Пока не был послан ему будильник такой страшной силы, что проспать он уже не мог.
ЖИТИЕ И СМЕРТЬ ЛЕНИ ШВЕЦА, ПОЭТА
Начали, наконец, умирать мы сами.
В один из последних дней этой осени вышел из окна львовский поэт Леня Швец. Многие знали его.
Да если бы он просто был городским чудаком, уличным клоуном, колоритным маргиналом, он уже был бы культурным явлением, — пусть локального масштаба. Сколько людей во Львове благодарно помнят уличного трубача начала 70-х, — у людей светлели лица. Того извела брежневская милия. Этого извел сам город. Слишком долго простоял он, упираясь лбом в стенку, обступавшую уже со всех сторон, растущую ввысь и вширь, — пока не пробил ее однажды собственной головой, с криком «Боже, бери меня!» выйдя в окно от санитаров.
Подобная степень откровенности в разговоре о непростых вещах не в ходу в нашем культурном обиходе. И все же, иногда, чтобы все не исчезало бесследно, следует идти на такой риск. Тем более, что сам Леня был публичным человеком, жизнь его протекала на виду у всех, и не думаю, что он осудил бы меня за это. Это не разборки с людьми, — виноватыми, невиноватыми, — это разборки с жизнью.
Во Львов он приехал почти четверть века назад. Города терпят людей, в т. ч. приезжих, но их не любят, — это их право. Он этого не знал. Ему казалось, что в его родном Крюково под Кременчугом все было иначе. Уже совсем недавно ему объяснили, что «людина без нации — то раб». У него была нация. Он был из нации поэтов. Он так долго вел образ жизни поэта, что оказалось, что это серьезно, что это не «для девушек», что за это надо платить. Редчайший случай, когда человек выписывается, дописывается до стихов, — поэтому он и жил так долго, целых 44 года, — чтобы дописаться до них. За это, действительно, надо платить.
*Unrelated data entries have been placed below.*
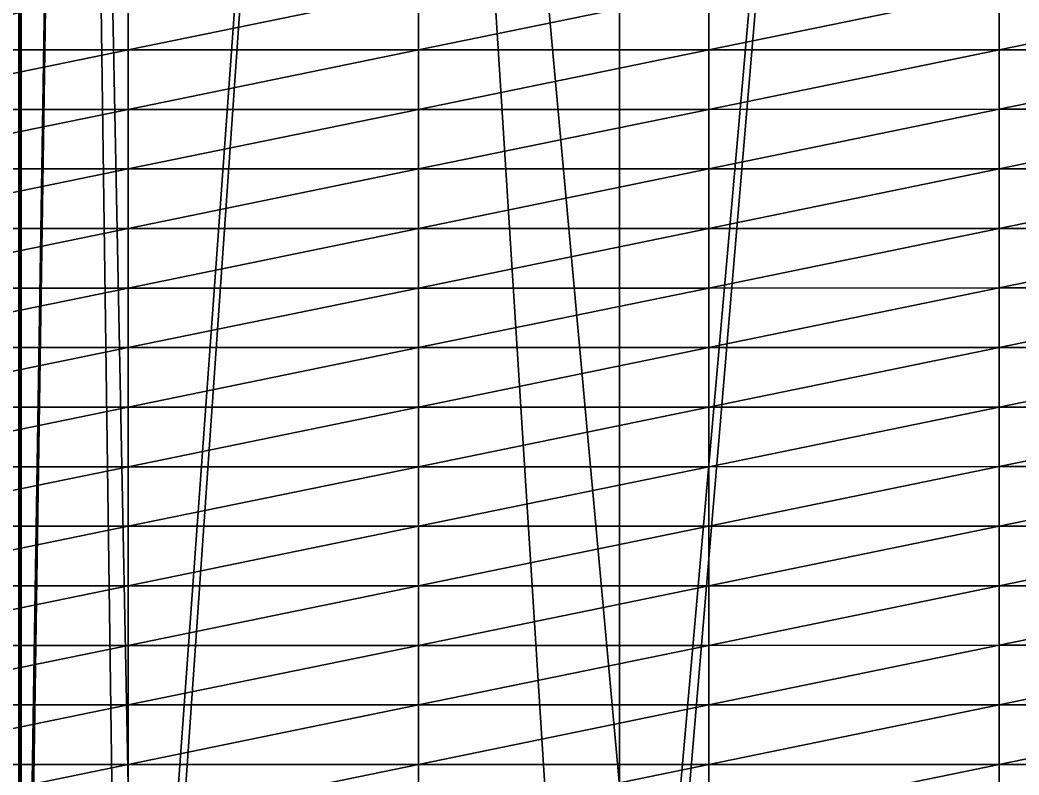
# Model space of a CAD drawing. Header units: metres. Extents: x -3 to 177, y -14 to 14.
# Drawn here: x 111.4 to 115.098, y -9.957 to -7.163 of the extents above; entities that cross this region are included whole.
import ezdxf

# ---------------------------------------------------------------- set-up
doc = ezdxf.new("R2010")
doc.units = ezdxf.units.M
for name, color, linetype, true_color in [('BULKHEAD_05', 7, 'Continuous', 0xdec086), ('DB_2', 7, 'Continuous', 0x99866a), ('HOLD_2', 7, 'Continuous', 0x6fbad1), ('HULL', 7, 'Continuous', 0x528ba5)]:
    doc.layers.add(name, color=color, linetype=linetype, true_color=true_color)

msp = doc.modelspace()

# ---------------------------------------------------------------- linework, layer by layer
at = {"layer": 'BULKHEAD_05'}
for points in [[(111.396, 14.388, 14.5999), (111.396, -14.388, 14.5999), (111.404, -14.388, 14.5999)], [(111.396, 14.388, 14.5999), (111.404, -14.388, 14.5999), (111.404, 14.388, 14.5999)], [(111.404, -14.388, 14.5999), (111.404, 12.5622, 0.012), (111.404, 14.388, 14.5999)], [(111.396, -12.5622, 0.012), (111.396, 12.5622, 0.012), (111.404, 12.5622, 0.012)], [(111.396, -12.5622, 0.012), (111.404, 12.5622, 0.012), (111.404, -12.5622, 0.012)], [(111.404, 12.5622, 0.012), (111.404, -14.388, 14.5999), (111.404, -12.5622, 0.012)]]:
    msp.add_3dface(points, dxfattribs=at)
at = {"layer": 'DB_2'}
for points in [[(111.404, 14.3622, 1.75), (111.8, -14.3623, 1.75), (111.8, 14.3622, 1.75)], [(111.404, 14.3622, 1.75), (111.404, -14.3623, 1.75), (111.8, -14.3623, 1.75)], [(111.404, -14.3623, 1.75), (111.404, 14.3622, 1.75), (111.404, 14.3094, 1.4)], [(111.8, 14.3622, 1.75), (111.8, -14.3623, 1.75), (113.6188, -14.3623, 1.75)], [(111.8, 14.3622, 1.75), (113.6188, -14.3623, 1.75), (113.6188, 14.3623, 1.75)], [(113.6188, 14.3623, 1.75), (115.8335, -14.3624, 1.75), (115.8335, 14.3624, 1.75)], [(113.6188, 14.3623, 1.75), (113.6188, -14.3623, 1.75), (115.8335, -14.3624, 1.75)], [(111.404, -14.3623, 1.75), (111.404, 14.3094, 1.4), (111.404, 14.053, 0.7)], [(111.404, 14.053, 0.7), (111.404, 12.5632), (111.404, -13.4516, 0.35)], [(111.404, -14.3623, 1.75), (111.404, 14.053, 0.7), (111.404, -13.4516, 0.35)], [(111.404, -12.5632), (111.404, 12.5632), (111.8, 12.5632)], [(111.404, -12.5632), (111.8, 12.5632), (111.8, -12.5632)], [(111.404, 12.5632), (111.404, -12.5632), (111.404, -13.4516, 0.35)], [(111.8, -12.5632), (111.8, 12.5632), (113.6188, 12.563)], [(111.8, -12.5632), (113.6188, 12.563), (113.6188, -12.563)], [(113.6188, -12.563), (113.6188, 12.563), (115.8335, 12.5627)], [(113.6188, -12.563), (115.8335, 12.5627), (115.8335, -12.5627)]]:
    msp.add_3dface(points, dxfattribs=at)
at = {"layer": 'HOLD_2'}
for points in [[(111.404, -9.996, 14.6), (111.404, 9.996, 12.6718), (111.404, 13.096, 8)], [(111.404, 13.096, 8), (111.404, 13.0582, 1.75), (111.404, -13.096, 5.75)], [(111.404, -9.996, 12.6718), (111.404, -9.996, 14.6), (111.404, 13.096, 8)], [(111.404, 13.096, 8), (111.404, -13.096, 5.75), (111.404, -9.996, 12.6718)], [(111.404, -13.0582, 1.75), (111.404, 13.0582, 1.75), (111.8, 13.0582, 1.75)], [(111.404, -13.0582, 1.75), (111.8, 13.0582, 1.75), (111.8, -13.0582, 1.75)], [(111.404, 13.0582, 1.75), (111.404, -13.0582, 1.75), (111.404, -13.096, 3.0001)], [(111.404, 13.0582, 1.75), (111.404, -13.096, 3.0001), (111.404, -13.096, 5.75)], [(111.8, -13.0582, 1.75), (111.8, 13.0582, 1.75), (113.6188, 13.0583, 1.75)], [(111.8, -13.0582, 1.75), (113.6188, 13.0583, 1.75), (113.6188, -13.0583, 1.75)], [(113.6188, -13.0583, 1.75), (113.6188, 13.0583, 1.75), (115.8335, 13.0584, 1.75)], [(113.6188, -13.0583, 1.75), (115.8335, 13.0584, 1.75), (115.8335, -13.0584, 1.75)], [(111.404, 9.996, 14.6), (111.404, -9.996, 14.6), (111.8, -9.996, 14.6)], [(111.404, 9.996, 14.6), (111.8, -9.996, 14.6), (111.8, 9.996, 14.6)], [(111.404, -9.996, 14.6), (111.404, 9.996, 14.6), (111.404, 9.996, 12.6718)], [(111.8, 9.996, 14.6), (111.8, -9.996, 14.6), (113.6188, -9.996, 14.6)], [(111.8, 9.996, 14.6), (113.6188, -9.996, 14.6), (113.6188, 9.996, 14.6)], [(113.6188, 9.996, 14.6), (113.6188, -9.996, 14.6), (115.8335, -9.996, 14.6)], [(113.6188, 9.996, 14.6), (115.8335, -9.996, 14.6), (115.8335, 9.996, 14.6)]]:
    msp.add_3dface(points, dxfattribs=at)
at = {"layer": 'HULL'}
for points in [[(110.725, -7.2734), (110.725, -7.053), (111.8, -7.053)], [(110.725, -7.2734), (111.8, -7.053), (111.8, -7.2734)], [(111.8, -7.2734), (111.8, -7.053), (112.875, -7.0529)], [(111.8, -7.2734), (112.875, -7.0529), (112.875, -7.2733)], [(112.875, -7.2733), (112.875, -7.0529), (113.95, -7.0529)], [(112.875, -7.2733), (113.95, -7.0529), (113.95, -7.2733)], [(113.95, -7.2733), (113.95, -7.0529), (115.025, -7.0528)], [(113.95, -7.2733), (115.025, -7.0528), (115.025, -7.2732)], [(115.025, -7.2732), (115.025, -7.0528), (116.1, -7.0527)], [(115.025, -7.2732), (116.1, -7.0527), (116.1, -7.2731)], [(110.725, -7.4938), (110.725, -7.2734), (111.8, -7.2734)], [(110.725, -7.4938), (111.8, -7.2734), (111.8, -7.4938)], [(111.8, -7.4938), (111.8, -7.2734), (112.875, -7.2733)], [(111.8, -7.4938), (112.875, -7.2733), (112.875, -7.4938)], [(112.875, -7.4938), (112.875, -7.2733), (113.95, -7.2733)], [(112.875, -7.4938), (113.95, -7.2733), (113.95, -7.4937)], [(113.95, -7.4937), (113.95, -7.2733), (115.025, -7.2732)], [(113.95, -7.4937), (115.025, -7.2732), (115.025, -7.4936)], [(115.025, -7.4936), (115.025, -7.2732), (116.1, -7.2731)], [(115.025, -7.4936), (116.1, -7.2731), (116.1, -7.4935)], [(110.725, -7.7142), (110.725, -7.4938), (111.8, -7.4938)], [(110.725, -7.7142), (111.8, -7.4938), (111.8, -7.7142)], [(111.8, -7.7142), (111.8, -7.4938), (112.875, -7.4938)], [(111.8, -7.7142), (112.875, -7.4938), (112.875, -7.7142)], [(112.875, -7.7142), (112.875, -7.4938), (113.95, -7.4937)], [(112.875, -7.7142), (113.95, -7.4937), (113.95, -7.7141)], [(113.95, -7.7141), (113.95, -7.4937), (115.025, -7.4936)], [(113.95, -7.7141), (115.025, -7.4936), (115.025, -7.714)], [(115.025, -7.714), (115.025, -7.4936), (116.1, -7.4935)], [(115.025, -7.714), (116.1, -7.4935), (116.1, -7.7139)], [(110.725, -7.9346), (110.725, -7.7142), (111.8, -7.7142)], [(110.725, -7.9346), (111.8, -7.7142), (111.8, -7.9346)], [(111.8, -7.9346), (111.8, -7.7142), (112.875, -7.7142)], [(111.8, -7.9346), (112.875, -7.7142), (112.875, -7.9346)], [(112.875, -7.9346), (112.875, -7.7142), (113.95, -7.7141)], [(112.875, -7.9346), (113.95, -7.7141), (113.95, -7.9345)], [(113.95, -7.9345), (113.95, -7.7141), (115.025, -7.714)], [(113.95, -7.9345), (115.025, -7.714), (115.025, -7.9344)], [(115.025, -7.9344), (115.025, -7.714), (116.1, -7.7139)], [(115.025, -7.9344), (116.1, -7.7139), (116.1, -7.9343)], [(110.725, -8.155), (110.725, -7.9346), (111.8, -7.9346)], [(110.725, -8.155), (111.8, -7.9346), (111.8, -8.155)], [(111.8, -8.155), (111.8, -7.9346), (112.875, -7.9346)], [(111.8, -8.155), (112.875, -7.9346), (112.875, -8.155)], [(112.875, -8.155), (112.875, -7.9346), (113.95, -7.9345)], [(112.875, -8.155), (113.95, -7.9345), (113.95, -8.1549)], [(113.95, -8.1549), (113.95, -7.9345), (115.025, -7.9344)], [(113.95, -8.1549), (115.025, -7.9344), (115.025, -8.1548)], [(115.025, -8.1548), (115.025, -7.9344), (116.1, -7.9343)], [(115.025, -8.1548), (116.1, -7.9343), (116.1, -8.1547)], [(110.725, -8.3755), (110.725, -8.155), (111.8, -8.155)], [(110.725, -8.3755), (111.8, -8.155), (111.8, -8.3755)], [(111.8, -8.3755), (111.8, -8.155), (112.875, -8.155)], [(111.8, -8.3755), (112.875, -8.155), (112.875, -8.3754)], [(112.875, -8.3754), (112.875, -8.155), (113.95, -8.1549)], [(112.875, -8.3754), (113.95, -8.1549), (113.95, -8.3753)], [(113.95, -8.3753), (113.95, -8.1549), (115.025, -8.1548)], [(113.95, -8.3753), (115.025, -8.1548), (115.025, -8.3752)], [(115.025, -8.3752), (115.025, -8.1548), (116.1, -8.1547)], [(115.025, -8.3752), (116.1, -8.1547), (116.1, -8.3751)], [(110.725, -8.5959), (110.725, -8.3755), (111.8, -8.3755)], [(110.725, -8.5959), (111.8, -8.3755), (111.8, -8.5959)], [(111.8, -8.5959), (111.8, -8.3755), (112.875, -8.3754)], [(111.8, -8.5959), (112.875, -8.3754), (112.875, -8.5958)], [(112.875, -8.5958), (112.875, -8.3754), (113.95, -8.3753)], [(112.875, -8.5958), (113.95, -8.3753), (113.95, -8.5957)], [(113.95, -8.5957), (113.95, -8.3753), (115.025, -8.3752)], [(113.95, -8.5957), (115.025, -8.3752), (115.025, -8.5956)], [(115.025, -8.5956), (115.025, -8.3752), (116.1, -8.3751)], [(115.025, -8.5956), (116.1, -8.3751), (116.1, -8.5955)], [(110.725, -8.8163), (110.725, -8.5959), (111.8, -8.5959)], [(110.725, -8.8163), (111.8, -8.5959), (111.8, -8.8163)], [(111.8, -8.8163), (111.8, -8.5959), (112.875, -8.5958)], [(111.8, -8.8163), (112.875, -8.5958), (112.875, -8.8162)], [(112.875, -8.8162), (112.875, -8.5958), (113.95, -8.5957)], [(112.875, -8.8162), (113.95, -8.5957), (113.95, -8.8161)], [(113.95, -8.8161), (113.95, -8.5957), (115.025, -8.5956)], [(113.95, -8.8161), (115.025, -8.5956), (115.025, -8.816)], [(115.025, -8.816), (115.025, -8.5956), (116.1, -8.5955)], [(115.025, -8.816), (116.1, -8.5955), (116.1, -8.8159)], [(110.725, -9.0367), (110.725, -8.8163), (111.8, -8.8163)], [(110.725, -9.0367), (111.8, -8.8163), (111.8, -9.0367)], [(111.8, -9.0367), (111.8, -8.8163), (112.875, -8.8162)], [(111.8, -9.0367), (112.875, -8.8162), (112.875, -9.0366)], [(112.875, -9.0366), (112.875, -8.8162), (113.95, -8.8161)], [(112.875, -9.0366), (113.95, -8.8161), (113.95, -9.0365)], [(113.95, -9.0365), (113.95, -8.8161), (115.025, -8.816)], [(113.95, -9.0365), (115.025, -8.816), (115.025, -9.0364)], [(115.025, -9.0364), (115.025, -8.816), (116.1, -8.8159)], [(115.025, -9.0364), (116.1, -8.8159), (116.1, -9.0363)], [(110.725, -9.2571), (110.725, -9.0367), (111.8, -9.0367)], [(110.725, -9.2571), (111.8, -9.0367), (111.8, -9.2571)], [(111.8, -9.2571), (111.8, -9.0367), (112.875, -9.0366)], [(111.8, -9.2571), (112.875, -9.0366), (112.875, -9.257)], [(112.875, -9.257), (112.875, -9.0366), (113.95, -9.0365)], [(112.875, -9.257), (113.95, -9.0365), (113.95, -9.2569)], [(113.95, -9.2569), (113.95, -9.0365), (115.025, -9.0364)], [(113.95, -9.2569), (115.025, -9.0364), (115.025, -9.2568)], [(115.025, -9.2568), (115.025, -9.0364), (116.1, -9.0363)], [(115.025, -9.2568), (116.1, -9.0363), (116.1, -9.2567)], [(110.725, -9.4775), (110.725, -9.2571), (111.8, -9.2571)], [(110.725, -9.4775), (111.8, -9.2571), (111.8, -9.4775)], [(111.8, -9.4775), (111.8, -9.2571), (112.875, -9.257)], [(111.8, -9.4775), (112.875, -9.257), (112.875, -9.4774)], [(112.875, -9.4774), (112.875, -9.257), (113.95, -9.2569)], [(112.875, -9.4774), (113.95, -9.2569), (113.95, -9.4773)], [(113.95, -9.4773), (113.95, -9.2569), (115.025, -9.2568)], [(113.95, -9.4773), (115.025, -9.2568), (115.025, -9.4772)], [(115.025, -9.4772), (115.025, -9.2568), (116.1, -9.2567)], [(115.025, -9.4772), (116.1, -9.2567), (116.1, -9.4771)], [(110.725, -9.6979), (110.725, -9.4775), (111.8, -9.4775)], [(110.725, -9.6979), (111.8, -9.4775), (111.8, -9.6979)], [(111.8, -9.6979), (111.8, -9.4775), (112.875, -9.4774)], [(111.8, -9.6979), (112.875, -9.4774), (112.875, -9.6978)], [(112.875, -9.6978), (112.875, -9.4774), (113.95, -9.4773)], [(112.875, -9.6978), (113.95, -9.4773), (113.95, -9.6977)], [(113.95, -9.6977), (113.95, -9.4773), (115.025, -9.4772)], [(113.95, -9.6977), (115.025, -9.4772), (115.025, -9.6976)], [(115.025, -9.6976), (115.025, -9.4772), (116.1, -9.4771)], [(115.025, -9.6976), (116.1, -9.4771), (116.1, -9.6975)], [(110.725, -9.9183), (110.725, -9.6979), (111.8, -9.6979)], [(110.725, -9.9183), (111.8, -9.6979), (111.8, -9.9183)], [(111.8, -9.9183), (111.8, -9.6979), (112.875, -9.6978)], [(111.8, -9.9183), (112.875, -9.6978), (112.875, -9.9182)], [(112.875, -9.9182), (112.875, -9.6978), (113.95, -9.6977)], [(112.875, -9.9182), (113.95, -9.6977), (113.95, -9.9181)], [(113.95, -9.9181), (113.95, -9.6977), (115.025, -9.6976)], [(113.95, -9.9181), (115.025, -9.6976), (115.025, -9.918)], [(115.025, -9.918), (115.025, -9.6976), (116.1, -9.6975)], [(115.025, -9.918), (116.1, -9.6975), (116.1, -9.9179)], [(110.725, -10.1387), (110.725, -9.9183), (111.8, -9.9183)], [(110.725, -10.1387), (111.8, -9.9183), (111.8, -10.1387)], [(111.8, -10.1387), (111.8, -9.9183), (112.875, -9.9182)], [(111.8, -10.1387), (112.875, -9.9182), (112.875, -10.1386)], [(112.875, -10.1386), (112.875, -9.9182), (113.95, -9.9181)], [(112.875, -10.1386), (113.95, -9.9181), (113.95, -10.1385)], [(113.95, -10.1385), (113.95, -9.9181), (115.025, -9.918)], [(113.95, -10.1385), (115.025, -9.918), (115.025, -10.1384)], [(115.025, -10.1384), (115.025, -9.918), (116.1, -9.9179)], [(115.025, -10.1384), (116.1, -9.9179), (116.1, -10.1383)]]:
    msp.add_3dface(points, dxfattribs=at)

doc.saveas('drawing.dxf')

Вначале он вышел из клетки заурядности и вторичности в более просторный вольер душевной болезни. Не сразу, конечно. В те годы он еще работал: когда-то был неплохим футболистом, забивающим голы, затем самым начитанным грузчиком «Облкниготорга», был многообещающим униформистом — партнером клоунов — в цирке и непременным статистом на всех киносъемках, в те времена еще, когда весь Запад снимался во Львове и Прибалтике, освоил самоуком по хрестоматии все 4 тома истории философии, жалел и собирал книги, отправляемые на переплавку, на львовской картонажной фабрике. Дальше была нищенская пенсия, выделяемая государством инвалидам умственного труда. Все это время он писал стихи. Он был законченным «семидесятником» и жил при этом слишком наивно, открыто. Разговаривал громко, не умел себя вести. Немец думает, русский — славянин, т. е. — делает.